Ilya Sutskever, co-founder and former chief scientist of OpenAI, has moved away from the “bigger is better” philosophy he once advocated, highlighting a change in focus for AI development. Now leading Safe Superintelligence Inc. (SSI), Sutskever underscores that merely scaling models up may no longer be the solution to advancing artificial intelligence.
Scaling and Its Limits: Insights from Sutskever
Previously an advocate of expanding model sizes to achieve better results, Sutskever’s views have shifted following the industry’s realization that scaling comes with diminishing returns. “The 2010s were the age of scaling, now we’re back in the age of wonder and discovery once again. Everyone is looking for the next thing,” Sutskever told Reuters recently, emphasising that “Scaling the right thing matters more now than ever”.

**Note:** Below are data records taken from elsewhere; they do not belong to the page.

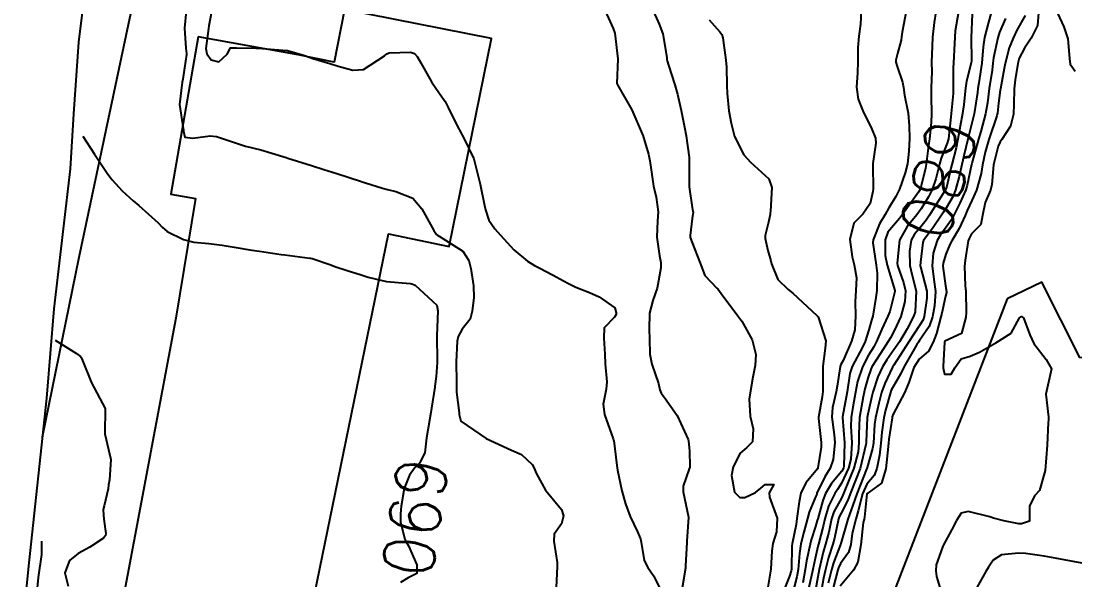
# Model space of a CAD drawing. Header units: metres. Extents: x 298520 to 308411, y 7433745 to 7450750.
# Drawn here: x 300208.3 to 300291.2, y 7445957.3 to 7446001.3 of the extents above; entities that cross this region are included whole.
import ezdxf
from ezdxf.enums import TextEntityAlignment as Align

# ---------------------------------------------------------------- set-up
doc = ezdxf.new("R2010")
doc.units = ezdxf.units.M
doc.header["$LTSCALE"] = 10
for name, color, linetype in [('Area', 45, 'Continuous'), ('Cotas', 45, 'Continuous'), ('Curvas de Nivel 1m', 11, 'Continuous'), ('Curvas de Nivel 5m', 15, 'Continuous'), ('Edificações', 30, 'Continuous'), ('Vias Primárias', 230, 'Continuous')]:
    doc.layers.add(name, color=color, linetype=linetype)
doc.styles.add('Style-STANDARD', font='STANDARD.shx')

msp = doc.modelspace()

# ---------------------------------------------------------------- linework, layer by layer
at = {"layer": 'Area'}
msp.add_polyline3d([(300208.323, 7445952.463, 692.177), (300208.966, 7445958.674, 698.467), (300210.34, 7445971.63, 691.207), (300210.923, 7445978.653, 692.237), (300212.205, 7445989.671, 695.197), (300212.48, 7445994.008, 689.756), (300212.86, 7445999.652, 689.287), (300213.581, 7446005.387, 689.097)], dxfattribs=at)
at = {"layer": 'Curvas de Nivel 1m', "flags": 128}
for points, elevation in [([(300221.317, 7446002.117), (300221.183, 7446000.742), (300221.28, 7445999.184), (300221.329, 7445998.739), (300221.333, 7445998.679), (300221.267, 7445998.139), (300221.046, 7445996.743), (300220.991, 7445996.485), (300220.791, 7445994.747), (300221.086, 7445992.861), (300221.107, 7445992.741), (300221.113, 7445992.652), (300221.197, 7445992.164), (300221.847, 7445992.083), (300223.199, 7445992.287), (300223.697, 7445992.216), (300225.193, 7445991.711), (300225.975, 7445991.472), (300227.188, 7445991.179), (300228.924, 7445990.653), (300229.182, 7445990.566), (300229.303, 7445990.527), (300231.173, 7445989.95), (300232.157, 7445989.626), (300233.163, 7445989.3), (300235.035, 7445988.701), (300235.154, 7445988.667), (300235.434, 7445988.576), (300236.756, 7445988.163), (300237.148, 7445988.041), (300237.799, 7445987.891), (300239.141, 7445987.374), (300239.854, 7445986.523), (300240.81, 7445984.819), (300241.021, 7445984.511), (300241.112, 7445984.445), (300241.232, 7445984.388), (300243.094, 7445983.193), (300243.55, 7445982.475), (300243.713, 7445981.837), (300243.931, 7445980.471), (300243.955, 7445979.565), (300243.822, 7445978.472), (300243.647, 7445977.854), (300243.019, 7445977.067), (300242.713, 7445976.484), (300242.641, 7445976.117), (300242.561, 7445974.486), (300242.586, 7445972.869), (300242.585, 7445972.486), (300242.59, 7445972.116), (300242.783, 7445970.482), (300242.803, 7445970.344), (300242.936, 7445969.836), (300244.913, 7445968.46), (300246.904, 7445967.535), (300247.687, 7445967.214), (300248.528, 7445966.415), (300248.664, 7445966.186), (300248.886, 7445965.688), (300249.591, 7445964.403), (300250.85, 7445962.867), (300251.01, 7445962.387), (300250.836, 7445961.744), (300250.278, 7445960.946), (300250.234, 7445960.396), (300250.497, 7445958.702), (300250.511, 7445958.393), (300250.428, 7445956.744)], 689), ([(300223.316, 7446002.038), (300223.105, 7446000.922), (300223.071, 7446000.722), (300222.859, 7445999.144), (300222.927, 7445998.723), (300223.268, 7445998.261), (300223.872, 7445998.109), (300224.537, 7445998.707), (300224.791, 7445999.194), (300225.28, 7445999.194), (300226.797, 7445999.161), (300227.28, 7445999.15), (300228.918, 7445999.014), (300229.278, 7445998.988), (300230.549, 7445998.631), (300231.081, 7445998.432), (300231.27, 7445998.371), (300232.621, 7445997.964), (300233.265, 7445997.766), (300234.414, 7445997.436), (300235.262, 7445997.504), (300236.93, 7445998.555), (300237.112, 7445998.716), (300237.277, 7445998.794), (300238.96, 7445998.851), (300239.276, 7445998.76), (300239.497, 7445998.528), (300239.786, 7445998.007), (300240.619, 7445996.516), (300241.244, 7445995.598), (300241.703, 7445994.968), (300241.931, 7445994.5), (300242.6, 7445993.101), (300242.947, 7445992.484), (300243.038, 7445992.319), (300243.199, 7445992.043), (300243.941, 7445990.472), (300244.215, 7445989.421), (300244.434, 7445988.467), (300244.799, 7445986.8), (300244.869, 7445986.463), (300245.125, 7445985.651), (300245.609, 7445984.944), (300246.053, 7445984.451), (300247.096, 7445983.318), (300248.161, 7445982.424), (300248.732, 7445982.068), (300249.078, 7445981.879), (300250.135, 7445981.337), (300251.067, 7445980.835), (300251.351, 7445980.671), (300251.981, 7445980.376), (300253.057, 7445979.947), (300253.802, 7445979.603), (300255.039, 7445978.733), (300255.153, 7445978.339), (300255.151, 7445978.22), (300255.029, 7445977.995), (300254.203, 7445977.166), (300254.17, 7445976.348), (300254.254, 7445975.093), (300254.29, 7445974.347), (300254.405, 7445972.912), (300254.353, 7445972.346), (300254.128, 7445971.171), (300254.219, 7445970.347), (300254.914, 7445968.433), (300254.947, 7445968.34), (300254.956, 7445968.296), (300255.194, 7445966.337), (300255.255, 7445965.971), (300255.584, 7445964.333), (300255.872, 7445963.316), (300256.251, 7445962.326), (300256.831, 7445961.12), (300257.069, 7445960.56), (300257.111, 7445960.316), (300257.359, 7445958.862), (300257.645, 7445958.307), (300258.117, 7445957.631), (300258.773, 7445956.29)], 688), ([(300254.179, 7446002.351), (300254.922, 7446000.728), (300255.045, 7446000.343), (300255.273, 7445998.34), (300255.202, 7445996.392), (300255.213, 7445996.34), (300255.252, 7445996.276), (300256.386, 7445994.328), (300257.204, 7445992.426), (300257.232, 7445992.348), (300257.242, 7445992.319), (300257.694, 7445990.819), (300257.804, 7445990.311), (300257.89, 7445989.592), (300258.097, 7445988.306), (300258.292, 7445987.45), (300258.45, 7445986.3), (300258.412, 7445985.587), (300258.358, 7445984.301), (300258.569, 7445982.82), (300258.666, 7445982.296), (300258.674, 7445981.891), (300258.372, 7445980.3), (300258.023, 7445979.331), (300257.762, 7445978.309), (300257.736, 7445977.025), (300257.775, 7445976.309), (300257.802, 7445975.109), (300257.947, 7445974.306), (300258.487, 7445972.781), (300258.592, 7445972.296), (300258.682, 7445972.016), (300258.957, 7445971.688), (300259.959, 7445970.28), (300260.801, 7445968.385), (300260.826, 7445968.271), (300260.905, 7445967.475), (300260.954, 7445966.269), (300260.945, 7445966.217), (300260.891, 7445966.073), (300260.429, 7445964.723), (300260.429, 7445964.274), (300260.843, 7445962.27), (300260.716, 7445960.379), (300260.71, 7445960.271), (300260.615, 7445958.452), (300260.594, 7445958.272), (300260.347, 7445956.704)], 687), ([(300257.977, 7446002.303), (300258.54, 7446001.068), (300258.811, 7446000.295), (300259.128, 7445998.439), (300259.139, 7445998.292), (300259.157, 7445998.177), (300259.268, 7445997.836), (300259.77, 7445996.285), (300259.97, 7445995.554), (300260.26, 7445994.28), (300260.529, 7445992.958), (300260.646, 7445992.276), (300260.883, 7445990.576), (300260.904, 7445990.273), (300260.891, 7445988.539), (300260.904, 7445988.272), (300261.137, 7445986.643), (300261.19, 7445986.325), (300261.194, 7445986.269), (300261.128, 7445985.77), (300260.958, 7445984.428), (300260.969, 7445984.271), (300261.108, 7445983.923), (300261.762, 7445982.26), (300262.114, 7445981.295), (300263.064, 7445980.3), (300263.14, 7445980.239), (300263.421, 7445979.873), (300264.637, 7445978.224), (300265.028, 7445977.684), (300265.841, 7445976.212), (300266.132, 7445975.079), (300266.083, 7445974.209), (300265.891, 7445973.299), (300265.705, 7445972.213), (300265.614, 7445971.555), (300265.698, 7445970.212), (300265.918, 7445969.221), (300265.879, 7445968.21), (300265.405, 7445967.718), (300264.904, 7445967.3), (300264.358, 7445966.228), (300264.211, 7445965.555), (300264.454, 7445964.226), (300264.867, 7445963.817), (300265.274, 7445963.809), (300266.104, 7445964.208), (300266.526, 7445964.554), (300266.879, 7445964.848), (300267.542, 7445964.852), (300267.195, 7445964.195), (300267.216, 7445963.847), (300267.804, 7445962.186), (300267.754, 7445961.108), (300267.48, 7445960.19), (300267.393, 7445959.612), (300267.317, 7445958.192), (300267.039, 7445956.459)], 686), ([(300274.43, 7446002.109), (300274.367, 7446001.055), (300274.234, 7446000.111), (300274.167, 7445999.234), (300274.168, 7445998.111), (300274.133, 7445997.242), (300274.056, 7445996.112), (300274.191, 7445995.158), (300274.596, 7445994.106), (300275.211, 7445992.939), (300275.554, 7445992.096), (300275.588, 7445991.707), (300275.355, 7445990.098), (300275.345, 7445989.933), (300275.375, 7445988.098), (300275.353, 7445987.896), (300275.141, 7445986.947), (300274.565, 7445986.109), (300273.84, 7445985.401), (300273.529, 7445984.124), (300273.718, 7445982.749), (300273.886, 7445982.118), (300274.057, 7445981.1), (300274.014, 7445980.116), (300273.957, 7445979.208), (300273.986, 7445978.116), (300273.924, 7445977.018), (300273.677, 7445976.12), (300272.998, 7445974.591), (300272.835, 7445974.291), (300272.784, 7445974.132), (300272.537, 7445972.567), (300272.462, 7445972.135), (300272.177, 7445970.911), (300272.112, 7445970.138), (300272.307, 7445968.751), (300272.356, 7445968.136), (300272.231, 7445966.805), (300271.987, 7445966.139), (300271.578, 7445965.451), (300270.947, 7445964.149), (300270.928, 7445964.094), (300270.87, 7445963.934), (300270.342, 7445962.664), (300270.197, 7445962.156), (300269.912, 7445961.079), (300269.684, 7445960.161), (300269.571, 7445959.403), (300269.468, 7445958.163), (300269.374, 7445957.577), (300268.99, 7445956.168)], 684), ([(300277.974, 7446002.07), (300277.655, 7446000.424), (300277.603, 7446000.075), (300277.563, 7445999.812), (300277.283, 7445998.743), (300277.14, 7445998.217), (300277.148, 7445998.081), (300277.269, 7445997.728), (300277.687, 7445996.503), (300277.753, 7445996.072), (300277.835, 7445995.48), (300278.112, 7445994.067), (300278.214, 7445993.066), (300278.219, 7445992.065), (300278.182, 7445991.055), (300278.064, 7445990.067), (300277.883, 7445989.359), (300277.44, 7445988.076), (300277.147, 7445987.504), (300276.614, 7445986.609), (300276.321, 7445986.088), (300275.875, 7445985.339), (300275.359, 7445984.097), (300275.343, 7445983.855), (300275.605, 7445982.095), (300275.689, 7445981.481), (300275.663, 7445980.094), (300275.586, 7445979.564), (300275.334, 7445978.097), (300275.27, 7445977.858), (300275.022, 7445977.017), (300274.749, 7445976.104), (300274.538, 7445975.637), (300273.724, 7445974.119), (300273.541, 7445973.566), (300273.311, 7445972.125), (300272.967, 7445970.154), (300272.963, 7445970.13), (300272.964, 7445970.109), (300273.112, 7445968.127), (300273.059, 7445966.292), (300273.022, 7445966.128), (300272.891, 7445965.898), (300272.091, 7445964.928), (300271.631, 7445964.142), (300271.414, 7445963.595), (300271.01, 7445962.148), (300270.975, 7445962.015), (300270.837, 7445961.525), (300270.494, 7445960.485), (300270.399, 7445960.154), (300270.128, 7445958.832), (300270.027, 7445958.158), (300269.831, 7445957.111)], 683), ([(300280.303, 7446002.04), (300280.171, 7446001.185), (300280.044, 7446000.043), (300279.999, 7445999.336), (300279.969, 7445998.043), (300279.978, 7445997.33), (300279.934, 7445996.043), (300279.923, 7445995.362), (300279.965, 7445994.043), (300279.938, 7445993.32), (300279.792, 7445992.044), (300279.716, 7445991.526), (300279.542, 7445990.046), (300279.489, 7445989.736), (300279.157, 7445988.335), (300279.093, 7445988.112), (300279.068, 7445988.051), (300278.943, 7445987.845), (300277.689, 7445986.072), (300277.442, 7445985.761), (300277.123, 7445985.412), (300276.515, 7445984.683), (300276.307, 7445984.088), (300276.314, 7445982.864), (300276.458, 7445982.086), (300277.063, 7445980.111), (300277.07, 7445980.087), (300277.062, 7445980.027), (300276.669, 7445978.453), (300276.531, 7445978.085), (300276.043, 7445977.07), (300275.634, 7445976.094), (300275.42, 7445975.685), (300275.002, 7445975.019), (300274.531, 7445974.107), (300274.142, 7445972.946), (300273.983, 7445972.115), (300273.772, 7445970.939), (300273.634, 7445970.12), (300273.614, 7445969.438), (300273.678, 7445968.119), (300273.614, 7445966.834), (300273.434, 7445966.122), (300272.881, 7445964.954), (300272.557, 7445964.453), (300272.354, 7445964.135), (300271.865, 7445963.133), (300271.556, 7445962.143), (300271.422, 7445961.559), (300271.055, 7445960.148), (300271.007, 7445959.962), (300270.806, 7445959.032), (300270.649, 7445958.298), (300270.618, 7445958.152), (300270.291, 7445956.642)], 682), ([(300282.091, 7446002.018), (300281.813, 7446000.527), (300281.782, 7446000.025), (300281.772, 7445999.549), (300281.678, 7445998.026), (300281.658, 7445997.637), (300281.668, 7445996.026), (300281.655, 7445995.617), (300281.513, 7445994.027), (300281.488, 7445993.76), (300281.297, 7445992.029), (300281.283, 7445991.949), (300281.2, 7445991.7), (300280.718, 7445990.505), (300280.585, 7445990.036), (300280.305, 7445988.9), (300280.016, 7445988.041), (300279.723, 7445987.468), (300279.138, 7445986.531), (300278.794, 7445986.055), (300278.037, 7445985.149), (300277.436, 7445984.075), (300277.259, 7445982.252), (300277.292, 7445982.077), (300277.747, 7445980.747), (300277.908, 7445980.067), (300277.866, 7445979.252), (300277.545, 7445978.072), (300277.021, 7445976.936), (300276.721, 7445976.377), (300276.551, 7445976.085), (300275.941, 7445975.154), (300275.276, 7445974.097), (300275.188, 7445973.9), (300274.981, 7445973.274), (300274.71, 7445972.361), (300274.656, 7445972.105), (300274.587, 7445971.734), (300274.306, 7445970.11), (300274.229, 7445968.804), (300274.246, 7445968.11), (300274.195, 7445967.4), (300273.857, 7445966.116), (300273.148, 7445964.398), (300273.039, 7445964.128), (300272.993, 7445964.006), (300272.867, 7445963.757), (300272.285, 7445962.702), (300272.099, 7445962.137), (300271.878, 7445961.094), (300271.618, 7445960.142), (300271.439, 7445959.518), (300271.13, 7445958.147), (300271.075, 7445957.862), (300270.774, 7445956.271)], 681), ([(300284.645, 7446001.987), (300284.43, 7446001.11), (300284.133, 7445999.998), (300284.012, 7445999.279), (300283.915, 7445998), (300283.689, 7445996.435), (300283.613, 7445996.005), (300283.572, 7445995.681), (300283.317, 7445994.009), (300283.219, 7445993.582), (300282.887, 7445992.332), (300282.814, 7445992.014), (300282.509, 7445990.698), (300282.345, 7445990.018), (300282.126, 7445989.063), (300281.853, 7445988.023), (300281.651, 7445987.522), (300281.139, 7445986.638), (300280.906, 7445986.262), (300280.757, 7445986.034), (300280.091, 7445985.068), (300279.335, 7445984.048), (300279.268, 7445983.882), (300279.086, 7445982.338), (300279.06, 7445982.05), (300279.063, 7445982.03), (300279.082, 7445981.978), (300279.592, 7445980.045), (300279.603, 7445979.496), (300279.377, 7445978.047), (300279.292, 7445977.786), (300279.026, 7445977.354), (300278.178, 7445976.063), (300276.994, 7445974.229), (300276.933, 7445974.141), (300276.899, 7445974.081), (300276.281, 7445972.78), (300276.033, 7445972.089), (300275.806, 7445971.24), (300275.549, 7445970.094), (300275.479, 7445969.551), (300275.39, 7445968.095), (300275.326, 7445967.678), (300274.894, 7445966.19), (300274.867, 7445966.1), (300274.853, 7445966.061), (300274.072, 7445964.112), (300273.765, 7445963.211), (300273.384, 7445962.122), (300272.824, 7445960.205), (300272.808, 7445960.145), (300272.807, 7445960.13), (300272.249, 7445958.688), (300272.09, 7445958.137), (300271.84, 7445957.081)], 679), ([(300288.387, 7446001.944), (300288.288, 7446000.966), (300287.806, 7445999.952), (300287.285, 7445999.178), (300286.868, 7445998.376), (300286.751, 7445997.965), (300286.542, 7445996.685), (300286.473, 7445995.968), (300286.439, 7445994.764), (300286.403, 7445993.968), (300286.162, 7445993.022), (300285.504, 7445991.977), (300285.366, 7445991.813), (300285.198, 7445991.459), (300284.845, 7445989.985), (300284.71, 7445988.436), (300284.598, 7445987.988), (300284.169, 7445987.02), (300283.966, 7445985.998), (300283.832, 7445985.29), (300283.111, 7445984.551), (300282.914, 7445984.204), (300282.856, 7445984.012), (300282.6, 7445982.502), (300282.543, 7445982.015), (300282.616, 7445980.466), (300282.665, 7445980.014), (300282.684, 7445978.367), (300282.666, 7445978.014), (300282.307, 7445976.73), (300281.014, 7445976.113), (300280.986, 7445976.057), (300280.982, 7445976.03), (300280.876, 7445974.139), (300280.869, 7445974.031), (300280.978, 7445973.525), (300281.493, 7445973.51), (300281.787, 7445974.022), (300282.283, 7445974.728), (300282.997, 7445974.941), (300283.735, 7445975.266), (300285.013, 7445975.98), (300286.232, 7445976.757), (300286.891, 7445977.961), (300286.955, 7445978.039), (300287.034, 7445978.052), (300287.189, 7445977.958), (300287.697, 7445976.627), (300288, 7445975.945), (300288.994, 7445974.688), (300289.413, 7445973.934), (300288.963, 7445971.94), (300289.155, 7445970.147), (300289.159, 7445969.937), (300289.149, 7445969.728), (300289.069, 7445967.938), (300288.893, 7445965.94), (300288.453, 7445964.368), (300288.061, 7445963.948), (300287.678, 7445963.134), (300287.667, 7445961.952), (300287.05, 7445961.749), (300286.841, 7445961.752), (300285.649, 7445961.972), (300284.846, 7445962.202), (300284.544, 7445962.288), (300282.853, 7445962.713), (300282.287, 7445962.58), (300281.927, 7445962.019), (300281.562, 7445961.296), (300280.868, 7445960.03), (300280.853, 7445960), (300280.821, 7445959.914), (300280.328, 7445958.509), (300280.288, 7445958.038), (300280.361, 7445957.608), (300280.775, 7445956.21)], 676), ([(300285.774, 7446001.517), (300285.307, 7446000.428), (300285.166, 7445999.982), (300284.849, 7445998.417), (300284.797, 7445997.987), (300284.722, 7445997.443), (300284.498, 7445995.991), (300284.352, 7445994.877), (300284.2, 7445993.995), (300283.834, 7445992.625), (300283.649, 7445992.003), (300283.186, 7445990.307), (300283.127, 7445990.067), (300283.112, 7445990.011), (300282.768, 7445988.404), (300282.653, 7445988.015), (300282.194, 7445986.968), (300281.719, 7445986.024), (300281.512, 7445985.642), (300281.119, 7445985.078), (300280.669, 7445984.475), (300280.413, 7445984.037), (300280.094, 7445983.039), (300280.009, 7445982.041), (300280.146, 7445980.965), (300280.267, 7445980.038), (300280.187, 7445978.898), (300280.038, 7445978.04), (300279.784, 7445977.283), (300279.014, 7445976.16), (300278.936, 7445976.051), (300278.803, 7445975.845), (300277.787, 7445974.068), (300277.521, 7445973.535), (300276.971, 7445972.589), (300276.79, 7445972.258), (300276.728, 7445972.082), (300276.34, 7445970.695), (300276.208, 7445970.087), (300276.047, 7445968.968), (300275.977, 7445968.089), (300275.856, 7445967.138), (300275.652, 7445966.092), (300275.439, 7445965.543), (300274.881, 7445964.878), (300274.519, 7445964.105), (300274.2, 7445962.763), (300274.016, 7445962.112), (300273.715, 7445961), (300273.603, 7445960.118), (300273.439, 7445959.495), (300272.8, 7445958.619), (300272.634, 7445958.293), (300272.583, 7445958.132), (300272.214, 7445956.7)], 678), ([(300287.32, 7446001.746), (300286.682, 7446000.587), (300286.372, 7445999.969), (300286.063, 7445999.201), (300285.744, 7445997.975), (300285.669, 7445997.576), (300285.382, 7445995.979), (300285.367, 7445995.863), (300285.236, 7445994.854), (300285.143, 7445994.062), (300285.13, 7445993.981), (300285.093, 7445993.853), (300284.476, 7445991.991), (300284.183, 7445990.986), (300283.979, 7445989.998), (300283.871, 7445989.301), (300283.511, 7445988.005), (300283.145, 7445987.185), (300282.757, 7445986.394), (300282.602, 7445986.015), (300282.146, 7445984.991), (300281.552, 7445984.026), (300281.39, 7445983.737), (300281.092, 7445982.957), (300280.871, 7445982.246), (300280.861, 7445982.032), (300281.067, 7445980.471), (300281.148, 7445980.029), (300281.143, 7445979.948), (300281.057, 7445979.657), (300280.76, 7445978.31), (300280.706, 7445978.033), (300280.34, 7445976.717), (300280.09, 7445976.039), (300279.721, 7445975.324), (300278.999, 7445974.7), (300278.572, 7445974.056), (300278.177, 7445972.859), (300277.828, 7445972.067), (300276.946, 7445970.383), (300276.87, 7445970.155), (300276.851, 7445970.081), (300276.601, 7445968.4), (300276.566, 7445968.083), (300276.418, 7445966.565), (300276.365, 7445966.085), (300276.012, 7445964.958), (300274.873, 7445964.105), (300274.684, 7445962.264), (300274.648, 7445962.103), (300274.585, 7445961.848), (300274.407, 7445960.106), (300274.175, 7445958.736), (300273.825, 7445958.115), (300272.78, 7445956.854)], 677), ([(300211.003, 7445976.19), (300212.679, 7445975.161), (300212.994, 7445974.922), (300213.058, 7445974.839), (300213.1, 7445974.731), (300213.861, 7445972.831), (300214.943, 7445970.82), (300214.923, 7445968.82), (300215.385, 7445966.813), (300215.277, 7445965.214), (300215.214, 7445964.815), (300215.172, 7445964.512), (300214.848, 7445963.17), (300214.783, 7445962.881), (300214.781, 7445962.821), (300214.836, 7445962.111), (300214.995, 7445960.988), (300214.979, 7445960.818), (300214.821, 7445960.612), (300213.726, 7445959.918), (300212.809, 7445959.413), (300212.13, 7445958.85), (300211.763, 7445957.881), (300212.028, 7445956.851)], 691), ([(300209.923, 7445960.38), (300209.92, 7445959.347), (300209.669, 7445957.535), (300209.561, 7445956.459)], 692)]:
    msp.add_lwpolyline(points, dxfattribs=dict(at, elevation=elevation))
at = {"layer": 'Curvas de Nivel 5m', "flags": 128}
for points, elevation in [([(300289.866, 7446001.925), (300290.376, 7446000.85), (300290.69, 7445999.916), (300290.825, 7445998.367), (300290.861, 7445997.914), (300291.267, 7445997.365)], 675), ([(300262.468, 7446001.406), (300263.305, 7446000.466), (300263.467, 7446000.238), (300263.541, 7445999.996), (300263.782, 7445998.235), (300263.816, 7445997.686), (300263.848, 7445996.234), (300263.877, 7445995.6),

The development of OpenAI’s upcoming Orion model serves as a prime example for this. Despite initial high hopes, Orion’s outcomes are said to be more incremental than groundbreaking, particularly struggling in complex areas like coding. The high cost associated with training models at this scale—exceeding by far the $100 million for GPT-4—highlights the unsustainability of such a strategy in the long run.
SSI’s Mission and Strategic Focus
Sutskever’s new venture, SSI, is a research-focused lab aimed at creating superintelligent systems that prioritize safety over commercial gain. Launched in June 2024, the startup quickly attracted over $1 billion in investment by September.
Unlike other AI companies, SSI has set a clear boundary by choosing not to enter the competitive product market, instead focusing solely on safe AI research. The company’s primary goal will be to build safe superintelligence according to a note on its website, highlighting the shift from Sutskever´s past focus at OpenAI.
From OpenAI to Safe Superintelligence
Sutskever’s departure from OpenAI in May 2024 came after months of internal tension, which reached a peak in late 2023. Together with CTO Mira Murati, who also left OpenAI recently, he raised concerns about CEO Sam Altman’s transparency and direction, leading to an attempted removal of Altman by the board.
The move, however, backfired due to resistance from Microsoft, OpenAI’s major investor, and an overwhelming majority of staff. Altman was reinstated, and the board underwent a shake-up that included Sutskever’s exit.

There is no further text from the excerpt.